:: MATERIAL PROVIDED ::

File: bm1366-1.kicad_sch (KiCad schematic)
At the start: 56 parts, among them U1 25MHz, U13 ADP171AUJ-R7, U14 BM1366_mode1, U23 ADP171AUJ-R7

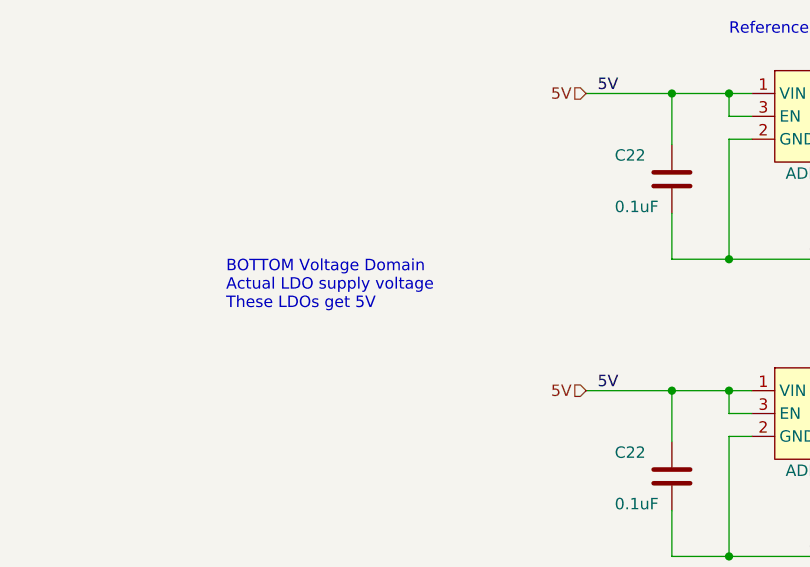
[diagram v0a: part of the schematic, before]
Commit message: add 1v8 LDO and consolidate voltage level translators
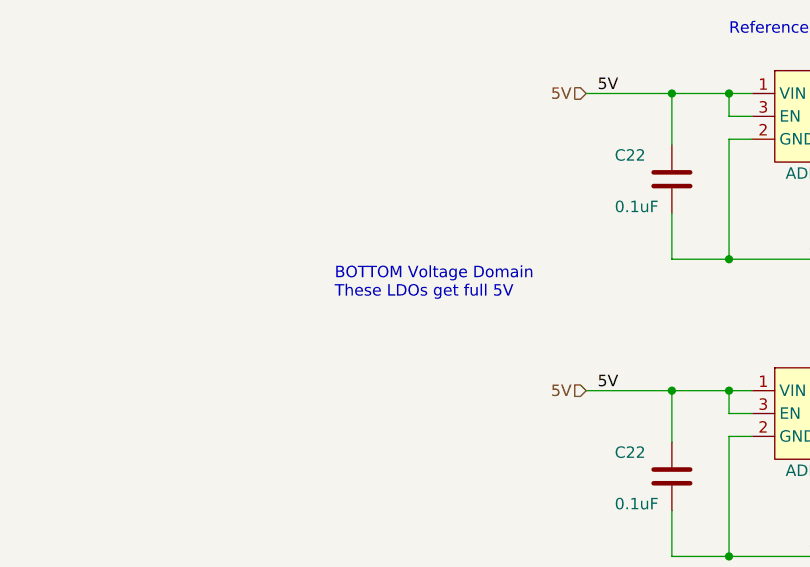
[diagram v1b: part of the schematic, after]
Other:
- note added: "BOTTOM Voltage Domain These LDOs get full 5V"
- note removed: "BOTTOM Voltage Domain Actual LDO supply voltage These LDOs get 5V"
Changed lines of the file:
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@@
     (effects (font (size 1.27 1.27)) (justify left bottom))
   )
-  (text "BOTTOM Voltage Domain\nActual LDO supply voltage\nThese LDOs get 5V"
-    (at 38.1 167.64 0)
+  (text "BOTTOM Voltage Domain\nThese LDOs get full 5V" (at 50.165 166.37 0)
     (effects (font (size 1.27 1.27)) (justify left bottom))
   )

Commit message: Resolved all unconnected pins, re-annotated, reviewed for layout
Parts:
- added TP13 (x4): TestPoint, TestPoint:TestPoint_Pad_D1.5mm, symbol Connector:TestPoint
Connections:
- net TEMP_N1: now also TP13.1
- net TEMP_N2: now also TP13.1
- net TEMP_P1: now also TP13.1
- net TEMP_P2: now also TP13.1
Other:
- moved on the sheet: R6

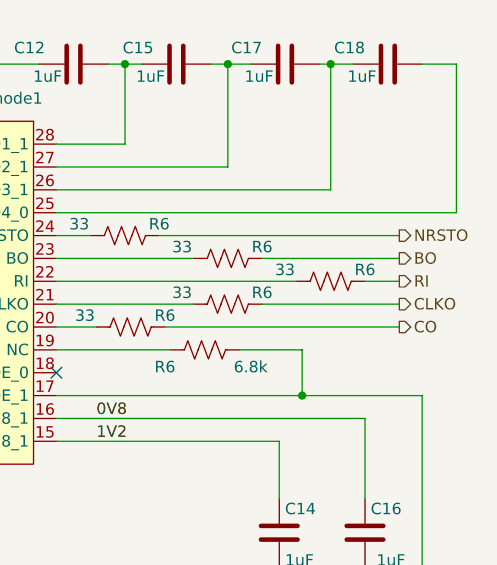
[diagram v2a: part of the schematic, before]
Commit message: replace Q5 with BSS123
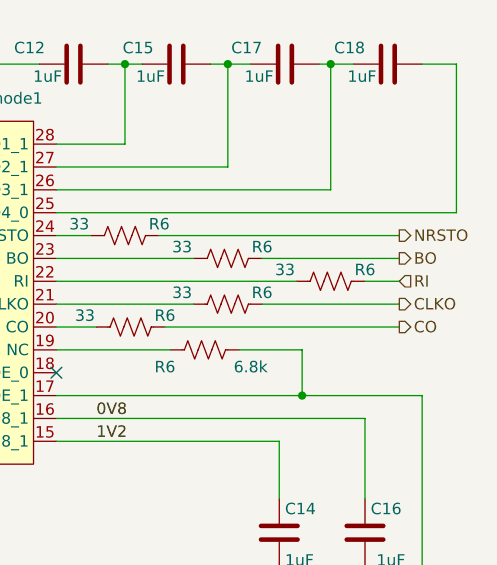
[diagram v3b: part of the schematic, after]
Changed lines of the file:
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@@
     (effects (font (size 1.27 1.27)) (justify right))
   )
-  (hierarchical_label "RI" (shape output) (at 256.54 90.17 0) (fields_autoplaced)
+  (hierarchical_label "RI" (shape input) (at 256.54 90.17 0) (fields_autoplaced)
     (effects (font (size 1.27 1.27)) (justify left))
   )

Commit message: Rough parts placement
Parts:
- TP13: footprint TestPoint:TestPoint_Pad_D1.5mm -> TestPoint:TestPoint_Pad_D1.0mm
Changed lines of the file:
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@@
     (effects (font (size 1.27 1.27)) (justify left bottom))
   )
-  (label "VDD" (at 202.565 66.04 0) (fields_autoplaced)
+  (label "VDD1" (at 202.565 66.04 0) (fields_autoplaced)
     (effects (font (size 1.27 1.27)) (justify left bottom))
   )
@@
     (effects (font (size 1.27 1.27)) (justify left bottom))
   )
-  (label "VDD" (at 74.295 66.04 0) (fields_autoplaced)
+  (label "VDD1" (at 74.295 66.04 0) (fields_autoplaced)
     (effects (font (size 1.27 1.27)) (justify left bottom))
   )
@@
     (effects (font (size 1.27 1.27)) (justify left bottom))
   )
-  (label "VDD" (at 165.735 146.685 0) (fields_autoplaced)
+  (label "VDD1" (at 165.735 146.685 0) (fields_autoplaced)
     (effects (font (size 1.27 1.27)) (justify left bottom))
   )
@@
       (effects (font (size 1.27 1.27)) (justify left) hide)
     )
-    (property "Footprint" "TestPoint:TestPoint_Pad_D1.5mm" (at 136.525 138.43 0)
+    (property "Footprint" "TestPoint:TestPoint_Pad_D1.0mm" (at 136.525 138.43 0)
       (effects (font (size 1.27 1.27)) hide)
     )
@@
       (effects (font (size 1.27 1.27)) (justify left) hide)
     )
-    (property "Footprint" "TestPoint:TestPoint_Pad_D1.5mm" (at 39.37 105.41 0)
+    (property "Footprint" "TestPoint:TestPoint_Pad_D1.0mm" (at 39.37 105.41 0)
       (effects (font (size 1.27 1.27)) hide)
     )
@@
       (effects (font (size 1.27 1.27)) (justify left) hide)
     )
-    (property "Footprint" "TestPoint:TestPoint_Pad_D1.5mm" (at 39.37 102.87 0)
+    (property "Footprint" "TestPoint:TestPoint_Pad_D1.0mm" (at 39.37 102.87 0)
       (effects (font (size 1.27 1.27)) hide)
     )
@@
       (effects (font (size 1.27 1.27)) (justify left) hide)
     )
-    (property "Footprint" "TestPoint:TestPoint_Pad_D1.5mm" (at 171.45 105.41 0)
+    (property "Footprint" "TestPoint:TestPoint_Pad_D1.0mm" (at 171.45 105.41 0)
       (effects (font (size 1.27 1.27)) hide)
     )
@@
       (effects (font (size 1.27 1.27)) (justify left) hide)
     )
-    (property "Footprint" "TestPoint:TestPoint_Pad_D1.5mm" (at 171.45 102.87 0)
+    (property "Footprint" "TestPoint:TestPoint_Pad_D1.0mm" (at 171.45 102.87 0)
       (effects (font (size 1.27 1.27)) hide)
     )
@@
       (effects (font (size 1.27 1.27)) (justify left) hide)
     )
-    (property "Footprint" "TestPoint:TestPoint_Pad_D1.5mm" (at 136.525 171.45 0)
-      (effects (font (size 1.27 1.27)) hide)
-    )
+    (property "Footprint" "TestPoint:TestPoint_Pad_D1.0mm" (at 136.525 171.45 0)
+      (effects (font (size 1.27 1.27)) hide)
+    )

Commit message: more parts placement
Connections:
- net CLKI: no longer U14.8 (CLKI)
- net BI1: now reaches R6.2, U14.6 (BI)
- net TEMP_N1 renamed TEMP_N1_1
- net TEMP_N2 renamed TEMP_N2_1
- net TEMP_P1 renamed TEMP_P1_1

:::

◆ **EXERCISE DIRECTIONS**
The copy you produce must match the entries above exactly, except that it has no pictures.

◆ **OUTPUT OF THE EXERCISE**
File: bm1366-1.kicad_sch (KiCad schematic)
At the start: 56 parts, among them U1 25MHz, U13 ADP171AUJ-R7, U14 BM1366_mode1, U23 ADP171AUJ-R7

[diagram v0a: part of the schematic, before]
Commit message: add 1v8 LDO and consolidate voltage level translators
[diagram v1b: part of the schematic, after]
Other:
- note added: "BOTTOM Voltage Domain These LDOs get full 5V"
- note removed: "BOTTOM Voltage Domain Actual LDO supply voltage These LDOs get 5V"
Changed lines of the file:
@@
     (effects (font (size 1.27 1.27)) (justify left bottom))
   )
-  (text "BOTTOM Voltage Domain\nActual LDO supply voltage\nThese LDOs get 5V"
-    (at 38.1 167.64 0)
+  (text "BOTTOM Voltage Domain\nThese LDOs get full 5V" (at 50.165 166.37 0)
     (effects (font (size 1.27 1.27)) (justify left bottom))
   )

Commit message: Resolved all unconnected pins, re-annotated, reviewed for layout
Parts:
- added TP13 (x4): TestPoint, TestPoint:TestPoint_Pad_D1.5mm, symbol Connector:TestPoint
Connections:
- net TEMP_N1: now also TP13.1
- net TEMP_N2: now also TP13.1
- net TEMP_P1: now also TP13.1
- net TEMP_P2: now also TP13.1
Other:
- moved on the sheet: R6

[diagram v2a: part of the schematic, before]
Commit message: replace Q5 with BSS123
[diagram v3b: part of the schematic, after]
Changed lines of the file:
@@
     (effects (font (size 1.27 1.27)) (justify right))
   )
-  (hierarchical_label "RI" (shape output) (at 256.54 90.17 0) (fields_autoplaced)
+  (hierarchical_label "RI" (shape input) (at 256.54 90.17 0) (fields_autoplaced)
     (effects (font (size 1.27 1.27)) (justify left))
   )

Commit message: Rough parts placement
Parts:
- TP13: footprint TestPoint:TestPoint_Pad_D1.5mm -> TestPoint:TestPoint_Pad_D1.0mm
Changed lines of the file:
@@
     (effects (font (size 1.27 1.27)) (justify left bottom))
   )
-  (label "VDD" (at 202.565 66.04 0) (fields_autoplaced)
+  (label "VDD1" (at 202.565 66.04 0) (fields_autoplaced)
     (effects (font (size 1.27 1.27)) (justify left bottom))
   )
@@
     (effects (font (size 1.27 1.27)) (justify left bottom))
   )
-  (label "VDD" (at 74.295 66.04 0) (fields_autoplaced)
+  (label "VDD1" (at 74.295 66.04 0) (fields_autoplaced)
     (effects (font (size 1.27 1.27)) (justify left bottom))
   )
@@
     (effects (font (size 1.27 1.27)) (justify left bottom))
   )
-  (label "VDD" (at 165.735 146.685 0) (fields_autoplaced)
+  (label "VDD1" (at 165.735 146.685 0) (fields_autoplaced)
     (effects (font (size 1.27 1.27)) (justify left bottom))
   )
@@
       (effects (font (size 1.27 1.27)) (justify left) hide)
     )
-    (property "Footprint" "TestPoint:TestPoint_Pad_D1.5mm" (at 136.525 138.43 0)
+    (property "Footprint" "TestPoint:TestPoint_Pad_D1.0mm" (at 136.525 138.43 0)
       (effects (font (size 1.27 1.27)) hide)
     )
@@
       (effects (font (size 1.27 1.27)) (justify left) hide)
     )
-    (property "Footprint" "TestPoint:TestPoint_Pad_D1.5mm" (at 39.37 105.41 0)
+    (property "Footprint" "TestPoint:TestPoint_Pad_D1.0mm" (at 39.37 105.41 0)
       (effects (font (size 1.27 1.27)) hide)
     )
@@
       (effects (font (size 1.27 1.27)) (justify left) hide)
     )
-    (property "Footprint" "TestPoint:TestPoint_Pad_D1.5mm" (at 39.37 102.87 0)
+    (property "Footprint" "TestPoint:TestPoint_Pad_D1.0mm" (at 39.37 102.87 0)
       (effects (font (size 1.27 1.27)) hide)
     )
@@
       (effects (font (size 1.27 1.27)) (justify left) hide)
     )
-    (property "Footprint" "TestPoint:TestPoint_Pad_D1.5mm" (at 171.45 105.41 0)
+    (property "Footprint" "TestPoint:TestPoint_Pad_D1.0mm" (at 171.45 105.41 0)
       (effects (font (size 1.27 1.27)) hide)
     )
@@
       (effects (font (size 1.27 1.27)) (justify left) hide)
     )
-    (property "Footprint" "TestPoint:TestPoint_Pad_D1.5mm" (at 171.45 102.87 0)
+    (property "Footprint" "TestPoint:TestPoint_Pad_D1.0mm" (at 171.45 102.87 0)
       (effects (font (size 1.27 1.27)) hide)
     )
@@
       (effects (font (size 1.27 1.27)) (justify left) hide)
     )
-    (property "Footprint" "TestPoint:TestPoint_Pad_D1.5mm" (at 136.525 171.45 0)
-      (effects (font (size 1.27 1.27)) hide)
-    )
+    (property "Footprint" "TestPoint:TestPoint_Pad_D1.0mm" (at 136.525 171.45 0)
+      (effects (font (size 1.27 1.27)) hide)
+    )

Commit message: more parts placement
Connections:
- net CLKI: no longer U14.8 (CLKI)
- net BI1: now reaches R6.2, U14.6 (BI)
- net TEMP_N1 renamed TEMP_N1_1
- net TEMP_N2 renamed TEMP_N2_1
- net TEMP_P1 renamed TEMP_P1_1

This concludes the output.